The last-named company consisted of Timothy Pickering, Tench Coxe, Samuel Hodgdon, Duncan Ingraham, Jr., Andrew Craiger, and Morris Fisher. It is set forth in their article of agreement, dated April 6, 1785, that they expected a land office to be opened on the 1st of the next month for the sale of lands purchased from the Indians in 1784, which is frequently called "the late purchase," and that they were desirous of purchasing a considerable quantity of these lands. Pickering, Coxe, Hodgdon and Ingraham were appointed a committee to procure warrants and manage the other business of the company. It was stipulated that the members of the company should be joint tenants, that the lands purchased by their committee should be conveyed to them as such in fee, and that a contract should be made with Gen. James Potter to locate their warrants, to show the lands covered by them to the surveyors of the districts or counties in which they lay, and to cause returns thereof to be made to the Surveyor-General’s office. Potter was to receive seventeen thousand acres as his compensation for surveying and locating sixty-three thousand acres for the company, for the division of which from the company’s land, by his executors or two of them, he provided in his will, dated October 27, 1789. The company and Andrew Gregg and James Poe, two of Potter’s executors, entered into an agreement for the partition, March 3, 1795. By that partition the Pickering tracts, warrants Nos. 11 and 176, were allotted to Potter’s executors for the use of his heirs.

The ostensible evidences of earliest occupation in that part of this township south of the purchase line are on the farm now owned by Thomas McCausland, which is a part of the Joseph Nourse tract.

There are vestiges of a circumvallation on that Nourse tract, which encompassed about one acre and a half, and was circular. According to reliable information, which has been transmitted from the persons who settled thereabouts in and prior to 1812, the parapet must have been four or five feet high, with a fosse or trench surrounding it, the depth and width of which could not be accurately ascertained, as it was partly filled when it was discovered. There is the stump of a cherry tree within the parapet, eighteen inches, and another one of the same kind in the trench, twenty inches in diameter. The tree had grown from an old stump which is very much decayed. Both of these trees were cut down in 1872 or 1873.

There is a mulberry tree from twelve to fifteen inches in diameter two rods south of the parapet, which has also grown from an old stump, and there are two white-oak trees about two feet in diameter about the same distance east of the parapet. There appears to have been a well at the center within the parapet.

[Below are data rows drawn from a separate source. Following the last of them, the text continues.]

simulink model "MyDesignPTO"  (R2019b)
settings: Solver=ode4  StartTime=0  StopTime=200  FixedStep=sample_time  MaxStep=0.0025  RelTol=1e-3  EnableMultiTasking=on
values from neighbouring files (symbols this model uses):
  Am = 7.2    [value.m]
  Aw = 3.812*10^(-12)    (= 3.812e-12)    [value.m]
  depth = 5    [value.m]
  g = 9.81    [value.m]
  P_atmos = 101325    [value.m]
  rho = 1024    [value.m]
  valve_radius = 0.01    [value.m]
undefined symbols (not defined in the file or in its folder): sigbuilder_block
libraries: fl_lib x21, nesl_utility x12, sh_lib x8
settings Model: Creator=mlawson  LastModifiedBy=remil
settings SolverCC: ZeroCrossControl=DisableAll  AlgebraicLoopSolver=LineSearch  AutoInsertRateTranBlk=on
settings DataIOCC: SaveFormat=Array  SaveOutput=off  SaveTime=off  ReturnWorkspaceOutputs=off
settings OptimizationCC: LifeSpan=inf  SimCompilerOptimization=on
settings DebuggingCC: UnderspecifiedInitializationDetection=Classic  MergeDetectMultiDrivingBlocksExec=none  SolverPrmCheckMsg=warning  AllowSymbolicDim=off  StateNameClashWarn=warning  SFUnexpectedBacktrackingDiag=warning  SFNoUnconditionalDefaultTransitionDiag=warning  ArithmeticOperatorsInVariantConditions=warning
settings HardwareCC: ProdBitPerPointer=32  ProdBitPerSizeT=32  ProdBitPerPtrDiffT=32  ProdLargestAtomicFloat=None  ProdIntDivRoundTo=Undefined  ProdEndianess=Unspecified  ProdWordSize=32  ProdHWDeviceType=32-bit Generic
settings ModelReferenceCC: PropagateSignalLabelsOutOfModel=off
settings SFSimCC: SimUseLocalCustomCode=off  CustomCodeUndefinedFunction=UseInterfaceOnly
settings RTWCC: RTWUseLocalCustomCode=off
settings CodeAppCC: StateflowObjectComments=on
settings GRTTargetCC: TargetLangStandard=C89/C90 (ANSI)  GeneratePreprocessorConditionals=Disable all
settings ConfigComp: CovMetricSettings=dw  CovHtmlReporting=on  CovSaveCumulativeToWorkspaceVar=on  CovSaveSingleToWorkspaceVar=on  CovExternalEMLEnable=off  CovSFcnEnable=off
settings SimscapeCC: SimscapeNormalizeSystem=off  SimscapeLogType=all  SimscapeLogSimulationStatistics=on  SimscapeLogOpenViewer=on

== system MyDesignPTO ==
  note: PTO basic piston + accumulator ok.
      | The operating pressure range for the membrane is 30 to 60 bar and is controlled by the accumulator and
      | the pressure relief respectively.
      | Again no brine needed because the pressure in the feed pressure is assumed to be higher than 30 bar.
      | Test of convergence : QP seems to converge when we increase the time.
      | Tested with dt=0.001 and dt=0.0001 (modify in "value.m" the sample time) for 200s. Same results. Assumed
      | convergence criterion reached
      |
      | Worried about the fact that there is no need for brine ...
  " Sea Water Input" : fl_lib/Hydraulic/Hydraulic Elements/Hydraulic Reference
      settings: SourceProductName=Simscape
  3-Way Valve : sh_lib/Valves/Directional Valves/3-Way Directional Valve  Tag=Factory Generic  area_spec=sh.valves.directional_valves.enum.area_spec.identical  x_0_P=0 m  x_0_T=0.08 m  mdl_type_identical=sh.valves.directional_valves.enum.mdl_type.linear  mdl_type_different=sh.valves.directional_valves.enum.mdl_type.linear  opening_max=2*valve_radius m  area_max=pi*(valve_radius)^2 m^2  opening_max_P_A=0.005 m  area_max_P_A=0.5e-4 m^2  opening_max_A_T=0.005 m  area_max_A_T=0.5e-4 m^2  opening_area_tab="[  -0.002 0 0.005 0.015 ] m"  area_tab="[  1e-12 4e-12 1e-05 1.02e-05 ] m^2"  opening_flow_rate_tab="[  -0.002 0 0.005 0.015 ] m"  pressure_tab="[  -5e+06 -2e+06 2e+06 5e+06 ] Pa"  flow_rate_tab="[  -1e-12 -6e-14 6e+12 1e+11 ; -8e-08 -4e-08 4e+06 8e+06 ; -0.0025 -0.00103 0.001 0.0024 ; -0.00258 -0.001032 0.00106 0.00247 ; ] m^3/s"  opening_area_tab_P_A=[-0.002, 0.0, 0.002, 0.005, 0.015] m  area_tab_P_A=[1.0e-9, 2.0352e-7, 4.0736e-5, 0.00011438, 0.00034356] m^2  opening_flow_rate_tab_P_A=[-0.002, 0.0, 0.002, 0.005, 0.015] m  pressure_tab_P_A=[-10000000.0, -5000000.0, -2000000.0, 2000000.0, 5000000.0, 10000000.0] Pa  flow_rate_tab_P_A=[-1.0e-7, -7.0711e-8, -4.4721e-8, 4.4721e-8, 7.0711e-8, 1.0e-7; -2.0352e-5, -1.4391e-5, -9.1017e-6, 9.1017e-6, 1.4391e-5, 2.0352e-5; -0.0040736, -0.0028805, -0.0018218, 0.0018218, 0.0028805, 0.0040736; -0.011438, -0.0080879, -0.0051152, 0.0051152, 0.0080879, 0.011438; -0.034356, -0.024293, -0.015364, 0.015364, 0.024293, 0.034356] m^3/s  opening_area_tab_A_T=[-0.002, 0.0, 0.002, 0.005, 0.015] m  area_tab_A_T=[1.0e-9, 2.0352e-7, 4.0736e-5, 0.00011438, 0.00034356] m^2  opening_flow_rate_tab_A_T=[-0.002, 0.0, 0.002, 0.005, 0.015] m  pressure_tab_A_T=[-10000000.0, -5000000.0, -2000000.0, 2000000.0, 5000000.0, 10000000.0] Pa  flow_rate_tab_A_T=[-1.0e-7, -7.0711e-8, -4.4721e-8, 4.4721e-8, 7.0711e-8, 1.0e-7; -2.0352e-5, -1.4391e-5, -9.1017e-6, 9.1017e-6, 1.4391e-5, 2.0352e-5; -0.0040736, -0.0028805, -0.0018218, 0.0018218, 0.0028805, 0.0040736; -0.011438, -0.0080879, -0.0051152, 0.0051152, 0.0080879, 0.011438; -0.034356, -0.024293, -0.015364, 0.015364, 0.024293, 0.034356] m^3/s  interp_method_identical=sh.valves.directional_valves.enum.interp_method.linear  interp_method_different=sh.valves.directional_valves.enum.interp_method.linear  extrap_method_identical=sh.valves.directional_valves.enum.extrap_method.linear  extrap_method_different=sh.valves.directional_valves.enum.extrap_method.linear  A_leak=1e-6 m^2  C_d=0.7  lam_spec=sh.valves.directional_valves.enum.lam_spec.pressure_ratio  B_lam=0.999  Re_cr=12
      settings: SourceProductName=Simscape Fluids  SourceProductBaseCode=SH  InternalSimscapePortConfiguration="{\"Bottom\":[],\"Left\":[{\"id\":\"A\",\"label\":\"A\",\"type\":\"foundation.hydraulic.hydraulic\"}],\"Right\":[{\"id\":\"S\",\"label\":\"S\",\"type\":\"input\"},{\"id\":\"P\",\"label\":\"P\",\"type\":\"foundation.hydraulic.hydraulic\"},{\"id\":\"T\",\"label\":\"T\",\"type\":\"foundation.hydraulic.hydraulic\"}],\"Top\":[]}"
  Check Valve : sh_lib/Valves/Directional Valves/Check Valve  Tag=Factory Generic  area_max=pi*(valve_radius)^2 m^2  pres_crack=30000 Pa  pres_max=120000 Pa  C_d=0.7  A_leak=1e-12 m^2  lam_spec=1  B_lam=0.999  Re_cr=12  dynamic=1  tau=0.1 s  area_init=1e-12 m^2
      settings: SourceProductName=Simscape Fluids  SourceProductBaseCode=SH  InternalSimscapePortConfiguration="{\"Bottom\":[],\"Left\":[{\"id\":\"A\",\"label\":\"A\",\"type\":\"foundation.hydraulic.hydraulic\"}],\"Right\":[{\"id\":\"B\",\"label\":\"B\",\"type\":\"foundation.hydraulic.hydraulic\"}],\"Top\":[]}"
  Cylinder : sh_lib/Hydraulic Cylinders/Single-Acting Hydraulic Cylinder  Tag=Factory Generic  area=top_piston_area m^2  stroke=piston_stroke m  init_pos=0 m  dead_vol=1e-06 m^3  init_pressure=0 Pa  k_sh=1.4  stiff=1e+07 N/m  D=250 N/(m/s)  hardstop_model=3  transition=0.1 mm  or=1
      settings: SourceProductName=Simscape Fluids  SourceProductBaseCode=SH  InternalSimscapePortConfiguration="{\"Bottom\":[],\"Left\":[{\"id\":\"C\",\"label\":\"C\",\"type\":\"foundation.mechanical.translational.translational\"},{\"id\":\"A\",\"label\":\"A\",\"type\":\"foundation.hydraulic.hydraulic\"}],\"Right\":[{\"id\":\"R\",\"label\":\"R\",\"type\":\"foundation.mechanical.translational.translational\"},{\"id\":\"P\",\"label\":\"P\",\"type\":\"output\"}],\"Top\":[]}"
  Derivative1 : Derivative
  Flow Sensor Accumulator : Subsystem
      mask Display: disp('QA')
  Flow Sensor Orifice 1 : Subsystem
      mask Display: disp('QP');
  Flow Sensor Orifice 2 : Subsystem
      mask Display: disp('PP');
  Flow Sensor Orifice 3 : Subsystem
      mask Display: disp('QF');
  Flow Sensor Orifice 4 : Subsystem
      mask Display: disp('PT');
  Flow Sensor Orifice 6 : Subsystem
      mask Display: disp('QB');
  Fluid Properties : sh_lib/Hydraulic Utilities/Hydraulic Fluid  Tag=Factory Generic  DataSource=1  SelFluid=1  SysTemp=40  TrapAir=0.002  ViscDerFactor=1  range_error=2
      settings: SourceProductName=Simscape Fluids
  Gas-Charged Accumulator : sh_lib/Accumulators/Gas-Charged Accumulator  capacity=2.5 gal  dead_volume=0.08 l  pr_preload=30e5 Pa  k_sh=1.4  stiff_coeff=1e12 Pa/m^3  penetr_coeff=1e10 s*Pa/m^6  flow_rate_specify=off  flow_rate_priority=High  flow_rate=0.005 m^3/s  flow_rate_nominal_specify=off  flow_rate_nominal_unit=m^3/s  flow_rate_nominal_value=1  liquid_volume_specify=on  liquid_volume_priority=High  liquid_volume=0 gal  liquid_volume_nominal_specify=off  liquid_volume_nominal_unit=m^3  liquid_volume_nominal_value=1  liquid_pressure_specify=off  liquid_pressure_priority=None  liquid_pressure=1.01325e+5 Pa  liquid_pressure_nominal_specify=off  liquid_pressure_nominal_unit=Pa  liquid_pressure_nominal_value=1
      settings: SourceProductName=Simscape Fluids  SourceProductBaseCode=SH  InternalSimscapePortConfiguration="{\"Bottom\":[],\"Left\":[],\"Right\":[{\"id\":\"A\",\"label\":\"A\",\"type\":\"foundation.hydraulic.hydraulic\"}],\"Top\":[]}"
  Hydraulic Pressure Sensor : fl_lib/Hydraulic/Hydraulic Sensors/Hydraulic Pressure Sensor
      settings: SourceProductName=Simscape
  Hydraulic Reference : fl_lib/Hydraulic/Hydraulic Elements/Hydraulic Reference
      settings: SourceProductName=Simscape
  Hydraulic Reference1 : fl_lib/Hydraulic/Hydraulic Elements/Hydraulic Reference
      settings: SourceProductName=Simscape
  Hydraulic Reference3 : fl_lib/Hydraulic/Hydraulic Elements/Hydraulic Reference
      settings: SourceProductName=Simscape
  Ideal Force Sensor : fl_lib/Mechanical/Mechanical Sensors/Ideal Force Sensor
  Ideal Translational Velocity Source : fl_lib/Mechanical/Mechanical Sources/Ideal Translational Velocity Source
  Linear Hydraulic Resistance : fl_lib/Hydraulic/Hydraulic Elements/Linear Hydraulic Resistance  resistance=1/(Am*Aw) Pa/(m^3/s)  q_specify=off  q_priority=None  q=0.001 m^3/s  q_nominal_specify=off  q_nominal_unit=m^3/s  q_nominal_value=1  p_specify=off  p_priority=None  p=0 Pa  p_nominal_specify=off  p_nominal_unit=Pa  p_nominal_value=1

Clay smoking-pipes, with the initials "W.W." upon them, and hatchets, of a superior quality of steel, supposed to be of English manufacture, were found here by the early settlers. Traces of that circumvallation are still visible. Its location is on a beautiful elevation, which commands an extensive view up and down the valley of the north branch of the Plum Creek, anciently called Finney’s Run, thirty rods north of this branch and twenty rods west of McDole’s, or Madole’s run; between that location and Branch is the Plum creek road; one hundred and twenty rods southwesterly from it is the site of what, tradition says, was "Hutchison’s hunting camp," on a run emptying into the Branch on its south side, and therefore, called Hutchison’s run. Who Hutchison was or whence he came has not been handed down to the present residents of this region.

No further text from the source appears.